Instructions for the task:
"lineweight" is the word to look for; copy each line of the listing where it occurs.

Input data:
○ ○ ○ ○ ○
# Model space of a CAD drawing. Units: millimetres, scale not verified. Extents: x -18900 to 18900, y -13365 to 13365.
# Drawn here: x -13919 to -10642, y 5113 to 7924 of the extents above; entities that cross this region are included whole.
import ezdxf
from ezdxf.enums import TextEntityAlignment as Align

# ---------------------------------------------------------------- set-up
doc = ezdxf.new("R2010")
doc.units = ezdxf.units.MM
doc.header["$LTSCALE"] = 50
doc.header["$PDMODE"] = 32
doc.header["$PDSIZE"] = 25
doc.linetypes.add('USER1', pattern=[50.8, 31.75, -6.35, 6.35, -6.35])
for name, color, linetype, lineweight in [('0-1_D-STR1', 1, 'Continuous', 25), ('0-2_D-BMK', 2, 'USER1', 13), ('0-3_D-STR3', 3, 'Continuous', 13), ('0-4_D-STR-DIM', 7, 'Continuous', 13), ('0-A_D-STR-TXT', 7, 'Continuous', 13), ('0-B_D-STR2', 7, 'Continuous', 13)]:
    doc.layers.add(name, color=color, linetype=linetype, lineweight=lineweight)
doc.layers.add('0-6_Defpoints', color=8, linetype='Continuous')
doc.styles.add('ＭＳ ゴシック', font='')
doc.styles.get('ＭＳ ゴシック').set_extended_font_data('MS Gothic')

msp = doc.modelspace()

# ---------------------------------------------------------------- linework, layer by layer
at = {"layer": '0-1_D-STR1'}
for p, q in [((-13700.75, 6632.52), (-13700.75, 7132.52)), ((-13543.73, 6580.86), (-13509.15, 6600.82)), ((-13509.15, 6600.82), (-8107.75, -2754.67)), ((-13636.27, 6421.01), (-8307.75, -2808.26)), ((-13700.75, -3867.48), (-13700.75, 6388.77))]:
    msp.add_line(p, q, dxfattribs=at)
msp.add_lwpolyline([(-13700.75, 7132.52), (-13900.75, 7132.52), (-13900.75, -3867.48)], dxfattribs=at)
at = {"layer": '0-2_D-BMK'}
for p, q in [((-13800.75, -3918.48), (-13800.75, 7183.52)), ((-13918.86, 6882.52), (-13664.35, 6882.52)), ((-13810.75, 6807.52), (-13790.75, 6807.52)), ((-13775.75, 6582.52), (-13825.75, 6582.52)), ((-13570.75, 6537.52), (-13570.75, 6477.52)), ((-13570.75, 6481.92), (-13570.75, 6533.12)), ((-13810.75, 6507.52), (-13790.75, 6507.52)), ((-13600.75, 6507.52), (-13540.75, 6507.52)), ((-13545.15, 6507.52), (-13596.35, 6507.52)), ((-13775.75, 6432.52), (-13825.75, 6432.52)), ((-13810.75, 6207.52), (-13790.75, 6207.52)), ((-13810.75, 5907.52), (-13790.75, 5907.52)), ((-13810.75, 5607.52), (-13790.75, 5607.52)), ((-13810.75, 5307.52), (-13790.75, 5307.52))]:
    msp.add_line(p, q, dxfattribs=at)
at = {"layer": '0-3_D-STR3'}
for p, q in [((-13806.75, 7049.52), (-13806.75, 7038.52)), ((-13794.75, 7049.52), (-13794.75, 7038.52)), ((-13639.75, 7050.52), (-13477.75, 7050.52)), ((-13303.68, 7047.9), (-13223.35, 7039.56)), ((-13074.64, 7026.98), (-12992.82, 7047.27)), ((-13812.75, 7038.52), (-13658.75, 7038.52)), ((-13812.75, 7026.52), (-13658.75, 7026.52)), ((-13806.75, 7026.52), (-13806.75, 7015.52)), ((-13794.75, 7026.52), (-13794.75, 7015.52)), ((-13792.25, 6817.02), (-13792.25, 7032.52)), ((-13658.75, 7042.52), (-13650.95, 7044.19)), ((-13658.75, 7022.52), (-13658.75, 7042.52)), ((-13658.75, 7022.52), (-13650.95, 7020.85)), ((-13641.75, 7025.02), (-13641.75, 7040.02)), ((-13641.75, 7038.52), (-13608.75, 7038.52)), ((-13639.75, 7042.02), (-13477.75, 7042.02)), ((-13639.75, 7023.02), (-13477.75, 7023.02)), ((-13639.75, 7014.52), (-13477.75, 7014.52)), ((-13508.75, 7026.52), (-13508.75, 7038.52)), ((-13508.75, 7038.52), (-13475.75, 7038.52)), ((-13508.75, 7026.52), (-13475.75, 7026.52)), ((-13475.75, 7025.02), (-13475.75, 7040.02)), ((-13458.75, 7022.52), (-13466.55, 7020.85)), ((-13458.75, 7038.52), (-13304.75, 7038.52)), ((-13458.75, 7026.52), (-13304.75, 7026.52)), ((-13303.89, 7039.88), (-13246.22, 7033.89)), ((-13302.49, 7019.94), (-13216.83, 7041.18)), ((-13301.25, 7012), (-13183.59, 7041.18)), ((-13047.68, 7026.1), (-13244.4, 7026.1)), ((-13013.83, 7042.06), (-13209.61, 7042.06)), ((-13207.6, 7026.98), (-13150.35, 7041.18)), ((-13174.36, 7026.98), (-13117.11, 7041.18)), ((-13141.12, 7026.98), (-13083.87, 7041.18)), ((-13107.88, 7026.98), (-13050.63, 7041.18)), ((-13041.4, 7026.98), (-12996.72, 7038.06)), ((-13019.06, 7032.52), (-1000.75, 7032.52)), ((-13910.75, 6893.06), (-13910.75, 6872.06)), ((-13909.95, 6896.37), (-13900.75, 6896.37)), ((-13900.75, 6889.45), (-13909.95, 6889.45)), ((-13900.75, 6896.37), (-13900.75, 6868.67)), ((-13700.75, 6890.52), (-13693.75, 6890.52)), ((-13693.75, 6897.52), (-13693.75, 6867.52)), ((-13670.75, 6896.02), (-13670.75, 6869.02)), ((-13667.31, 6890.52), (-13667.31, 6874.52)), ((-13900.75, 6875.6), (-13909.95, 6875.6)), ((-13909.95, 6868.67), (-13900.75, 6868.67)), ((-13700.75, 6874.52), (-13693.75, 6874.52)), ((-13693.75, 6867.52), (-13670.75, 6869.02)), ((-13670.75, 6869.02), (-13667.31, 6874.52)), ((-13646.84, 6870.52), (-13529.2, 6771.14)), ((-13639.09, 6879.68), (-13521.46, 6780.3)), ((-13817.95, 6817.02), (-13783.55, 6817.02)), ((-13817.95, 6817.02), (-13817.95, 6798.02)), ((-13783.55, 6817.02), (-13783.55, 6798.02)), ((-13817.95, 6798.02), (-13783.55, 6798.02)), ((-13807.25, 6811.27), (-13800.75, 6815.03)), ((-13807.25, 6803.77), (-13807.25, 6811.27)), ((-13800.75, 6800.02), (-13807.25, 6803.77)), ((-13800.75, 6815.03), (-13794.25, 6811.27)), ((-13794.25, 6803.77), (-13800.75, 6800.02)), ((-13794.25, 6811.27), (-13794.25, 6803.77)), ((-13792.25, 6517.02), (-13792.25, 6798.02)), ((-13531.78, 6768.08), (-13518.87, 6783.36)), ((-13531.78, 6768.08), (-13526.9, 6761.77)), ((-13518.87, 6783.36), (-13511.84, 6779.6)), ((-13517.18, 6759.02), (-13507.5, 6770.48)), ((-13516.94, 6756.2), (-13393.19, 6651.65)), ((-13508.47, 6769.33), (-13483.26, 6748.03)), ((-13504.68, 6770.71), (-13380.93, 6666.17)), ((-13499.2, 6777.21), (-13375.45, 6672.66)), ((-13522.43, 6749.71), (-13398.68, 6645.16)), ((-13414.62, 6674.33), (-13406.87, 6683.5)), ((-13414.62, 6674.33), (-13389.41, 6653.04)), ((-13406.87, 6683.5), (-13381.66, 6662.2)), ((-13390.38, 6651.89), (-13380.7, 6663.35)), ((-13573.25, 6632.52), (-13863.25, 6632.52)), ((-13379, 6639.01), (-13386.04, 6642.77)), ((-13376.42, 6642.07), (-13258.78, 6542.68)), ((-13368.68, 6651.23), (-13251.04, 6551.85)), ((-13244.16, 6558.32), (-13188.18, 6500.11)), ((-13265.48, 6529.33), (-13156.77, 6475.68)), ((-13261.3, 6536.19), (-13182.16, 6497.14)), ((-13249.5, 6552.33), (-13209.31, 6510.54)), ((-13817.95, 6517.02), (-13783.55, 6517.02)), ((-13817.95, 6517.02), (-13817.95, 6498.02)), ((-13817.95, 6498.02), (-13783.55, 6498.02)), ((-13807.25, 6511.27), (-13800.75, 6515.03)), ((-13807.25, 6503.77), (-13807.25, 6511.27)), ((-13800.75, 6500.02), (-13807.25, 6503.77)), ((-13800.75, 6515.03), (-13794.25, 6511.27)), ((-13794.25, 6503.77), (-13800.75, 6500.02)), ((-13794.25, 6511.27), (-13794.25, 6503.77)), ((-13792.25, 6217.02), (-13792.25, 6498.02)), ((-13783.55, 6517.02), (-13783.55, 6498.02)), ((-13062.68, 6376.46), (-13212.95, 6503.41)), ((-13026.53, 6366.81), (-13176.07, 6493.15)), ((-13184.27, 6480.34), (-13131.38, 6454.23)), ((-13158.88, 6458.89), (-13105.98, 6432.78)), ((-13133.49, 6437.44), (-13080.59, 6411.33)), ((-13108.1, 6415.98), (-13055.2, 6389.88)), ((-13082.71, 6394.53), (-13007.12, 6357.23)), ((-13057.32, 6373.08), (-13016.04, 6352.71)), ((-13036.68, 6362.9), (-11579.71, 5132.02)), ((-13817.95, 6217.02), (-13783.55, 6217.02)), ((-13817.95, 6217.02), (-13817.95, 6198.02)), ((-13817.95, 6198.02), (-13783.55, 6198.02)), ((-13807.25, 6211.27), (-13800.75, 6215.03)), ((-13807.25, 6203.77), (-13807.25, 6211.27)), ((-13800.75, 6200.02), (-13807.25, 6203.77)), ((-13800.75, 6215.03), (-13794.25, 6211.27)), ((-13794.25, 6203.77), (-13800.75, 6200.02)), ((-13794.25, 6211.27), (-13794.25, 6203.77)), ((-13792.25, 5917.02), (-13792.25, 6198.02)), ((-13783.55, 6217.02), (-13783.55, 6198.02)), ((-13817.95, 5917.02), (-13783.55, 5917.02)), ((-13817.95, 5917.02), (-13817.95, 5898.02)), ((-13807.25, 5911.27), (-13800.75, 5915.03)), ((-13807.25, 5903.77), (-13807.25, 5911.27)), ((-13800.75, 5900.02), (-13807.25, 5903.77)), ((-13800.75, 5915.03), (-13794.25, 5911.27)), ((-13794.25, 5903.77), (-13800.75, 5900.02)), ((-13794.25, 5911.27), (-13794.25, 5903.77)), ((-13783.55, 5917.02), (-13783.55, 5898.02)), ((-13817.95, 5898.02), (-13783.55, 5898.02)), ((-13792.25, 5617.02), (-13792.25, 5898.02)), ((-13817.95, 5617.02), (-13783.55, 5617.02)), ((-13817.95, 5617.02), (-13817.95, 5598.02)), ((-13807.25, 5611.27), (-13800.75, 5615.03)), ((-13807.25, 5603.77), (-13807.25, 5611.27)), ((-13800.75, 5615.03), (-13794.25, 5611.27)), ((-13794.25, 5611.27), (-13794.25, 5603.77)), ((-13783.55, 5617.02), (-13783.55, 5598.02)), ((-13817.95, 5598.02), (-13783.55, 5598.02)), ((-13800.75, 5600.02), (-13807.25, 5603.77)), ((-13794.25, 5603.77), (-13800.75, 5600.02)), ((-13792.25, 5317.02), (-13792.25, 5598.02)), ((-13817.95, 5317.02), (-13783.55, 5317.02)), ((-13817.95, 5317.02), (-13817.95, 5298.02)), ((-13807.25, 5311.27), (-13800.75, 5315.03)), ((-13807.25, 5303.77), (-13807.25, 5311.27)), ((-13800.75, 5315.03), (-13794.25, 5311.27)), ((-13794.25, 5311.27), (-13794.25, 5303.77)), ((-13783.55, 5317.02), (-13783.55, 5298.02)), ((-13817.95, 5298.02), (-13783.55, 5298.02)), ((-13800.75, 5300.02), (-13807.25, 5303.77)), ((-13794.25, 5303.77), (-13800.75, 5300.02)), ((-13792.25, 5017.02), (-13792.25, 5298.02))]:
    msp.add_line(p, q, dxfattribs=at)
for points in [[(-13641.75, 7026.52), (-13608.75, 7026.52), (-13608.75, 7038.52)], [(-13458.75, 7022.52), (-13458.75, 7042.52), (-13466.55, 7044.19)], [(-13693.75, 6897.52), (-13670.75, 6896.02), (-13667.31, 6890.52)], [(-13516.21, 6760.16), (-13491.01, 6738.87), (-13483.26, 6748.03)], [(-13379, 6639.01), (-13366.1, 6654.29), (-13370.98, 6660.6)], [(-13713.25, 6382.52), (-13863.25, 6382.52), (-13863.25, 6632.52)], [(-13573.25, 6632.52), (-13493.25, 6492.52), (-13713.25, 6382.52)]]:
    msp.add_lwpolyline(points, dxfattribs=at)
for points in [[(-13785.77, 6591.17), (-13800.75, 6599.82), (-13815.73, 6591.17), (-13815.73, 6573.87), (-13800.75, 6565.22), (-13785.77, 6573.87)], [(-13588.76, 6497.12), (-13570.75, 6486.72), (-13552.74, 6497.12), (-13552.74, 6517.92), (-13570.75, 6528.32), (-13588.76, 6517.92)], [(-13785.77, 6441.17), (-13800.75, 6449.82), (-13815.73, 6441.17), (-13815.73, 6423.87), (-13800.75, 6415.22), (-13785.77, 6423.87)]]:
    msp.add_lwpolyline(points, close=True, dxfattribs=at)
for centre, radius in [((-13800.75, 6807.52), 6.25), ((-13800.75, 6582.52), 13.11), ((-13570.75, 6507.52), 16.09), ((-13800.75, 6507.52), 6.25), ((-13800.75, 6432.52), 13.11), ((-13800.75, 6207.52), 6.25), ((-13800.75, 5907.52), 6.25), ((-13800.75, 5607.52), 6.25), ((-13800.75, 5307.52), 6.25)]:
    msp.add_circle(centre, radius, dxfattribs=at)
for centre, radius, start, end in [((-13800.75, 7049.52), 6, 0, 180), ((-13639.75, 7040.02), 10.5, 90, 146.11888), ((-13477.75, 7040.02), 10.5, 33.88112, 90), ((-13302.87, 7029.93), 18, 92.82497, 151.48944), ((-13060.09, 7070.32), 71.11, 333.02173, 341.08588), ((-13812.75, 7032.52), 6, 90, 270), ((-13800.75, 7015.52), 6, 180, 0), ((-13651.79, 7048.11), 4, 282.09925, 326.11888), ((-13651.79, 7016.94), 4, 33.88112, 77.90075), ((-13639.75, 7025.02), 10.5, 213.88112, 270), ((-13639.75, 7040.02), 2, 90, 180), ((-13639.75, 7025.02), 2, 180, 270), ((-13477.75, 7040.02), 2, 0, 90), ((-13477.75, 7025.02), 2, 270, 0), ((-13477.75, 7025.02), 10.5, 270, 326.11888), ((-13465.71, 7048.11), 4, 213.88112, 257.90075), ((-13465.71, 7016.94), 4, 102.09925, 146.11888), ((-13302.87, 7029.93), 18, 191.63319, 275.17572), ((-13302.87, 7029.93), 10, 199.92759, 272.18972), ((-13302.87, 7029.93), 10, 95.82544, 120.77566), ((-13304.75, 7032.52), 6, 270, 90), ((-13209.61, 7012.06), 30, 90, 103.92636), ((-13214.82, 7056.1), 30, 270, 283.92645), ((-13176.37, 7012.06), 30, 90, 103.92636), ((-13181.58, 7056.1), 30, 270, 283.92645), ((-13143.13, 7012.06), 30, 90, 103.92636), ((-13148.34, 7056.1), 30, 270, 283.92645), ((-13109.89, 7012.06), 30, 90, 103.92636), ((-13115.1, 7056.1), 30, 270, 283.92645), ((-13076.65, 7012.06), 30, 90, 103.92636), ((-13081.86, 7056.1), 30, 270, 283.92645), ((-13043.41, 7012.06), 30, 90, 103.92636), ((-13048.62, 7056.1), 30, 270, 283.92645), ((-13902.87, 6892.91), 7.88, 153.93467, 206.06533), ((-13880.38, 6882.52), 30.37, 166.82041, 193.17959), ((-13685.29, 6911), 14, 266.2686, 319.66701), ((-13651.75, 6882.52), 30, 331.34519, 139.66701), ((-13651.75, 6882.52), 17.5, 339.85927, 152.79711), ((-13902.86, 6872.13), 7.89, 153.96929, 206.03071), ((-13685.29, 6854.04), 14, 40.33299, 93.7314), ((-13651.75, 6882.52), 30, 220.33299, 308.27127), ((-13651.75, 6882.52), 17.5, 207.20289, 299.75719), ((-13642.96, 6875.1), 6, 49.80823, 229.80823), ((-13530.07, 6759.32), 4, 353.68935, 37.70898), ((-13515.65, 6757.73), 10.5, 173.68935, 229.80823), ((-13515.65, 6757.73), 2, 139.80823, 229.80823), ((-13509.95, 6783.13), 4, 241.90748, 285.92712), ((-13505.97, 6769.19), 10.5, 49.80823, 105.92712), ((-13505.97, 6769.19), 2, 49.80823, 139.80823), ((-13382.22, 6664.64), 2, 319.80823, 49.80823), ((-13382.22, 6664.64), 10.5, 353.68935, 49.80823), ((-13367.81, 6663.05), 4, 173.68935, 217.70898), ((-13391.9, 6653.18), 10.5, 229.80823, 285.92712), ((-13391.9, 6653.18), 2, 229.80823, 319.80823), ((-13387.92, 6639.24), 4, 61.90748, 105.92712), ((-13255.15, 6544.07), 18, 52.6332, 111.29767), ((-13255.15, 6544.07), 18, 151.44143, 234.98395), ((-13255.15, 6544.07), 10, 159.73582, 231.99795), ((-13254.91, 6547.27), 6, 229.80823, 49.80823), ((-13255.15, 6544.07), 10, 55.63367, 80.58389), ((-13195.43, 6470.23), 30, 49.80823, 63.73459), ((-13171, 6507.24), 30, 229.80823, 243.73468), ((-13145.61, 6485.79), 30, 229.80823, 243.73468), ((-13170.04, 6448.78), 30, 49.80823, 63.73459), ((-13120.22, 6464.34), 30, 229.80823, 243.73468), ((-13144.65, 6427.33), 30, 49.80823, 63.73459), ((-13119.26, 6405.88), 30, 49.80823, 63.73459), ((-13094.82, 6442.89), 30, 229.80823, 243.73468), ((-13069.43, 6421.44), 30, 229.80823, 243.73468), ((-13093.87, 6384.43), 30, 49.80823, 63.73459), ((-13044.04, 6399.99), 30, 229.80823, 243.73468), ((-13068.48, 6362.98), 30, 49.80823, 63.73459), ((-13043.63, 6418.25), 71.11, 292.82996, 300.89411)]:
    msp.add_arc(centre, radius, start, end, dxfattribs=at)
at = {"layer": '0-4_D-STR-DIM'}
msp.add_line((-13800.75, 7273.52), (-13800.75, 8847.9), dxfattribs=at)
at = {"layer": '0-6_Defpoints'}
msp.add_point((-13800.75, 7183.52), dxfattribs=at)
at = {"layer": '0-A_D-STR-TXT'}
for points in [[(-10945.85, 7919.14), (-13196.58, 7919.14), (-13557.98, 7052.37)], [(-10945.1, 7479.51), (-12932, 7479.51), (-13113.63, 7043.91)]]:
○ ○ ○ ○ ○
Output below:
for name, color, linetype, lineweight in [('0-1_D-STR1', 1, 'Continuous', 25), ('0-2_D-BMK', 2, 'USER1', 13), ('0-3_D-STR3', 3, 'Continuous', 13), ('0-4_D-STR-DIM', 7, 'Continuous', 13), ('0-A_D-STR-TXT', 7, 'Continuous', 13), ('0-B_D-STR2', 7, 'Continuous', 13)]:
    doc.layers.add(name, color=color, linetype=linetype, lineweight=lineweight)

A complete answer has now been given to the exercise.